No había nada secreto en su entrevista, nada reservado en su comportamiento. Cada uno de ellos divisó al otro en el mismo instante, mientras Katya estaba atravesando todavía la puerta. Barley levantó un brazo, agitando a Jane Austen.

—¡Hola, soy yo! ¡Blair! —gritó.

Katya desapareció y reapareció victoriosa. ¿Le oyó? Sonrió de todos modos y levantó los ojos hacia el cielo, en muda mímica, presentándole excusas por su retraso. Se echó hacia atrás un mechón de negros cabellos, y Barley vio los anillos de boda y de compromiso de Landau.

«Debería haberme visto tratando de escabullirme», le estaba ella diciendo por señas por encima de las cabezas. O: «Me ha sido completamente imposible encontrar un taxi».

«No importa en absoluto», estaba respondiendo, también por señas, Barley.

Luego se desentendió por completo de él mientras fruncía el ceño y rebuscaba en su bolso la tarjeta de identidad para enseñársela al policía de paisano cuyo agradable trabajo aquella noche era interceptar a todas las damas atractivas que entraban en el hotel. Era una tarjeta roja lo que mostró, por lo que Barley adivinó que se trataba del Sindicato de Escritores.
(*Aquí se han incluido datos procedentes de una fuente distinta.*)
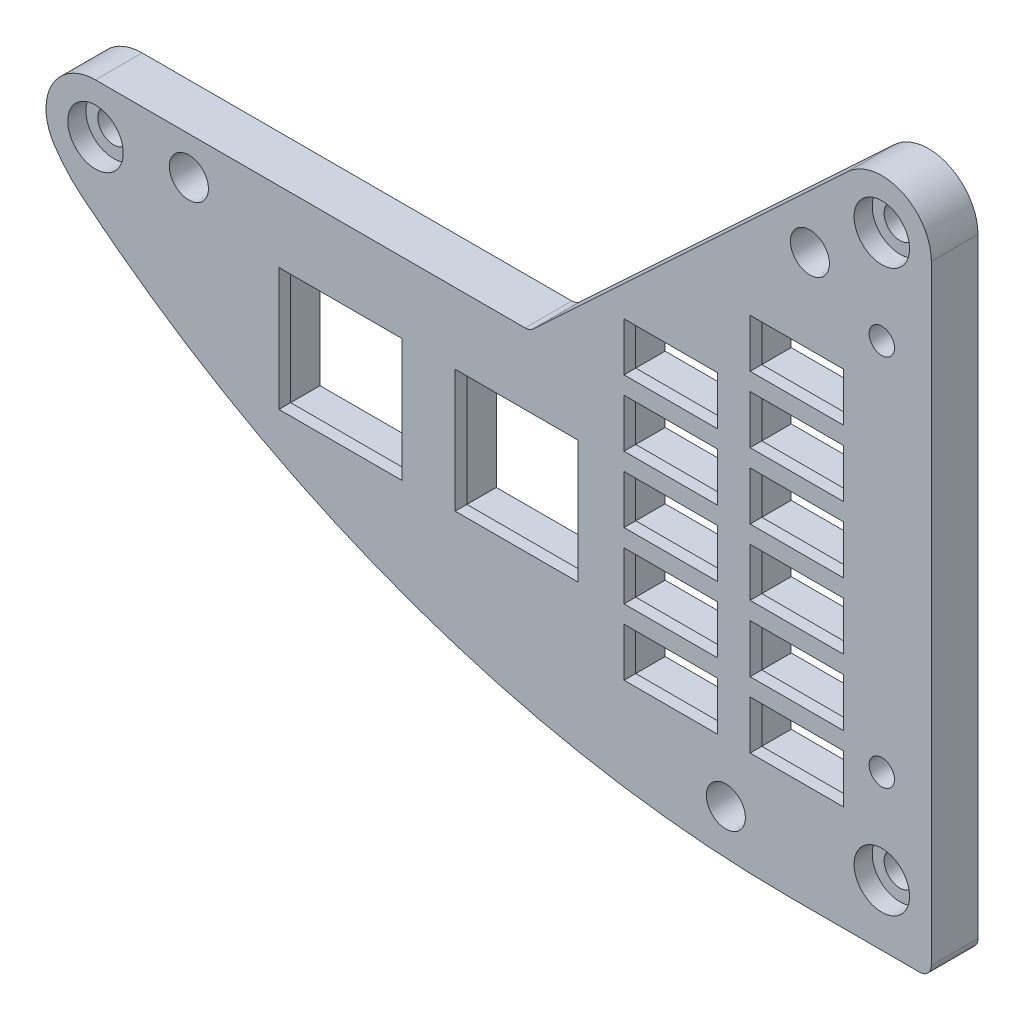
from build123d import *

# Parameters (mm, degrees)
SKETCH2_W                                       = 12.7
SKETCH2_H                                       = 6.604
SKETCH2_W_2                                     = 16.7132
SKETCH2_H_2                                     = 16.7132
BOSS_EXTRUDE1_DEPTH                             = 6.35
CBORE_FOR_6_PAN_HEAD_MACHINE_SCREW1_D           = 4.3053
CBORE_FOR_6_PAN_HEAD_MACHINE_SCREW1_CBORE_D     = 7.54126
CBORE_FOR_6_PAN_HEAD_MACHINE_SCREW1_CBORE_DEPTH = 2.4638
F_6_THREADED_INSERT_TAPERED_HOLE_AT_2_COUNT     = 2
F_6_THREADED_INSERT_TAPERED_HOLE_AT_2_PITCH     = 71.875418055
F_6_THREADED_INSERT_TAPERED_HOLE_AT_3_COUNT     = 2
F_6_THREADED_INSERT_TAPERED_HOLE_AT_3_PITCH     = 82.118347554
SKETCH7_W                                       = 16.7132
SKETCH7_H                                       = 16.7132
CUT_EXTRUDE1_DEPTH                              = 7.35
SKETCH8_W                                       = 14.224
SKETCH8_H                                       = 8.128
SKETCH8_W_2                                     = 18.2372
SKETCH8_H_2                                     = 18.2372
CUT_EXTRUDE2_DEPTH                              = 4.7625
FILLET1_R                                       = 1.5875
F_4_CLEARANCE_HOLE1_D                           = 3.4544
F_4_CLEARANCE_HOLE2_D                           = 3.4544
F_4_CLEARANCE_HOLE2_DEPTH                       = 1.5875
F_6_CLEARANCE_HOLE1_D                           = 4.3053


with BuildPart() as part:
    # Sketch2 → Boss-Extrude1 (new body)
    with BuildSketch(Plane.XY.offset(-77.851)):
        with BuildLine():
            Line((-530.586747576, 481.6475), (-530.586747576, 566.172689586))
            ThreePointArc((-530.586747576, 566.172689586), (-534.634798168, 572.345868951), (-541.909921986, 571.093898298))
            Line((-541.909921986, 571.093898298), (-585.196747576, 530.70125))
            Line((-585.196747576, 530.70125), (-644.251747576, 530.70125))
            ThreePointArc((-644.251747576, 530.70125), (-650.176036104, 527.165428624), (-649.876219443, 520.272726881))
            ThreePointArc((-649.876219443, 520.272726881), (-648.110778149, 517.987132771), (-646.019069209, 515.995782195))
            ThreePointArc((-646.019069209, 515.995782195), (-600.796684082, 490.491166469), (-549.636747576, 481.6475))
            Line((-549.636747576, 481.6475), (-530.586747576, 481.6475))
        make_face()
        with Locations((-566.019747576, 499.237)):
            Rectangle(SKETCH2_W, SKETCH2_H, mode=Mode.SUBTRACT)
        with Locations((-566.019747576, 508.2286)):
            Rectangle(SKETCH2_W, SKETCH2_H, mode=Mode.SUBTRACT)
        with Locations((-548.874747576, 499.237)):
            Rectangle(SKETCH2_W, SKETCH2_H, mode=Mode.SUBTRACT)
        with Locations((-548.874747576, 508.2286)):
            Rectangle(SKETCH2_W, SKETCH2_H, mode=Mode.SUBTRACT)
        with Locations((-548.874747576, 517.2202)):
            Rectangle(SKETCH2_W, SKETCH2_H, mode=Mode.SUBTRACT)
        with Locations((-566.019747576, 517.2202)):
            Rectangle(SKETCH2_W, SKETCH2_H, mode=Mode.SUBTRACT)
        with Locations((-566.019747576, 526.2118)):
            Rectangle(SKETCH2_W, SKETCH2_H, mode=Mode.SUBTRACT)
        with Locations((-548.874747576, 526.2118)):
            Rectangle(SKETCH2_W, SKETCH2_H, mode=Mode.SUBTRACT)
        with Locations((-548.874747576, 535.2034)):
            Rectangle(SKETCH2_W, SKETCH2_H, mode=Mode.SUBTRACT)
        with Locations((-566.019747576, 535.2034)):
            Rectangle(SKETCH2_W, SKETCH2_H, mode=Mode.SUBTRACT)
        with Locations((-548.874747576, 544.195)):
            Rectangle(SKETCH2_W, SKETCH2_H, mode=Mode.SUBTRACT)
        with Locations((-586.974747576, 512.7244)):
            Rectangle(SKETCH2_W_2, SKETCH2_H_2, mode=Mode.SUBTRACT)
    extrude(amount=-BOSS_EXTRUDE1_DEPTH)

    # CBORE for #6 Pan Head Machine Screw1 (through all)
    with Locations(Plane.XY.offset(-77.851)):
        with Locations((-537.317747576, 489.9025), (-537.317747576, 566.172689586), (-644.251747576, 523.97025)):
            CounterBoreHole(CBORE_FOR_6_PAN_HEAD_MACHINE_SCREW1_D / 2, CBORE_FOR_6_PAN_HEAD_MACHINE_SCREW1_CBORE_D / 2, CBORE_FOR_6_PAN_HEAD_MACHINE_SCREW1_CBORE_DEPTH)

    # Sketch5 → #6 Threaded Insert Tapered Hole (revolve, cut)
    with BuildSketch(Plane(origin=(-558.526747576, 487.9975, -77.851), x_dir=(0, -1, 0), z_dir=(1, 0, 0))):
        Polygon((0, 0), (0, 3.81), (2.5273, 3.81), (2.6543, 0), align=None)
    f_6_threaded_insert_tapered_hole = revolve(axis=Axis((-558.526747576, 487.9975, -187.851), (0, 0, 1)), mode=Mode.SUBTRACT)

    # #6 Threaded Insert Tapered Hole at 2: #6 Threaded Insert Tapered Hole ×2
    with Locations(*[Vector(0.159025162, 0.98727453, 0) * (i * F_6_THREADED_INSERT_TAPERED_HOLE_AT_2_PITCH) for i in range(1, F_6_THREADED_INSERT_TAPERED_HOLE_AT_2_COUNT)]):
        add(f_6_threaded_insert_tapered_hole, mode=Mode.SUBTRACT)

    # #6 Threaded Insert Tapered Hole at 3: #6 Threaded Insert Tapered Hole ×2
    with Locations(*[Vector(-0.889265337, 0.457391693, 0) * (i * F_6_THREADED_INSERT_TAPERED_HOLE_AT_3_PITCH) for i in range(1, F_6_THREADED_INSERT_TAPERED_HOLE_AT_3_COUNT)]):
        add(f_6_threaded_insert_tapered_hole, mode=Mode.SUBTRACT)

    # Sketch7 → Cut-Extrude1 (cut, through all)
    with BuildSketch(Plane.XY.offset(-77.851)):
        with Locations((-610.948497092, 512.7244)):
            Rectangle(SKETCH7_W, SKETCH7_H)
    extrude(amount=-CUT_EXTRUDE1_DEPTH, mode=Mode.SUBTRACT)

    # Sketch8 → Cut-Extrude2 (cut)
    with BuildSketch(Plane(origin=(0, 0, -84.201), x_dir=(-1, 0, 0), z_dir=(0, 0, -1))):
        with Locations((548.874747576, 544.195)):
            Rectangle(SKETCH8_W, SKETCH8_H)
        with Locations((548.874747576, 535.2034)):
            Rectangle(SKETCH8_W, SKETCH8_H)
        with Locations((548.874747576, 526.2118)):
            Rectangle(SKETCH8_W, SKETCH8_H)
        with Locations((548.874747576, 517.2202)):
            Rectangle(SKETCH8_W, SKETCH8_H)
        with Locations((548.874747576, 508.2286)):
            Rectangle(SKETCH8_W, SKETCH8_H)
        with Locations((548.874747576, 499.237)):
            Rectangle(SKETCH8_W, SKETCH8_H)
        with Locations((566.019747576, 535.2034)):
            Rectangle(SKETCH8_W, SKETCH8_H)
        with Locations((566.019747576, 526.2118)):
            Rectangle(SKETCH8_W, SKETCH8_H)
        with Locations((566.019747576, 517.2202)):
            Rectangle(SKETCH8_W, SKETCH8_H)
        with Locations((566.019747576, 508.2286)):
            Rectangle(SKETCH8_W, SKETCH8_H)
        with Locations((566.019747576, 499.237)):
            Rectangle(SKETCH8_W, SKETCH8_H)
        with Locations((586.974747576, 512.7244)):
            Rectangle(SKETCH8_W_2, SKETCH8_H_2)
        with Locations((610.948497092, 512.7244)):
            Rectangle(SKETCH8_W_2, SKETCH8_H_2)
    extrude(amount=-CUT_EXTRUDE2_DEPTH, mode=Mode.SUBTRACT)

    # Fillet1
    fillet1_edges = [part.edges().sort_by_distance(p)[0] for p in [
        (-585.196747576, 530.70125, -81.026),
        (-530.586747576, 481.6475, -81.026),
    ]]
    fillet(fillet1_edges, radius=FILLET1_R)

    # #4 Clearance Hole1 (through all)
    with Locations(Plane.XY.offset(-77.851)):
        with Locations((-537.317747576, 502.637594793), (-537.317747576, 553.437594793)):
            Hole(F_4_CLEARANCE_HOLE1_D / 2)

    # Sketch11 → Hole2 (revolve, cut)
    with BuildSketch(Plane(origin=(-642.655514401, 517.992624646, -84.201), x_dir=(0, 1, 0), z_dir=(1, 0, 0))):
        Polygon((0, 0), (0, 3.429), (1.9431, 3.429), (2.0701, 0), align=None)
    revolve(axis=Axis((-642.655514401, 517.992624646, 25.799), (0, 0, -1)), mode=Mode.SUBTRACT)

    # #4 Clearance Hole2
    with Locations(Plane(origin=(0, 0, -80.772), x_dir=(-1, 0, 0), z_dir=(0, 0, -1))):
        with Locations((642.655514401, 517.992624646)):
            Hole(F_4_CLEARANCE_HOLE2_D / 2, depth=F_4_CLEARANCE_HOLE2_DEPTH)

    # #6 Clearance Hole1 (through all)
    with Locations(Plane.XY.offset(-81.661)):
        with Locations((-558.526747576, 487.9975), (-631.551747576, 525.55775), (-547.096747576, 558.958269588)):
            Hole(F_6_CLEARANCE_HOLE1_D / 2)


solid = part.part

Luego el propio Barley se distrajo mientras trataba de explicar en su pasable aunque trabajoso francés a un corpulento palestino que no, lo sentía, pero
no
era miembro del Grupo de Paz, muchacho, y,
no
, tampoco era el director del hotel y dudaba mucho que hubiese alguno.

Wicklow, que había observado estos hechos desde la zona media de la escalera, manifestó más tarde que nunca había visto un encuentro abierto mejor realizado.

Como actores, Barley y Katya iban vestidos para obras diferentes: Katya, para alta comedia, con su vestido azul y cuello de encaje antiguo que tanto le había gustado a Landau; y Barley, para comedia cómica inglesa, con un traje a rayas de su padre que le estaba demasiado corto de mangas y un par de desgastadas botas de ante de «Ducker», en Oxford, que sólo un coleccionista de antigüedades habría podido considerar como todavía espléndidas.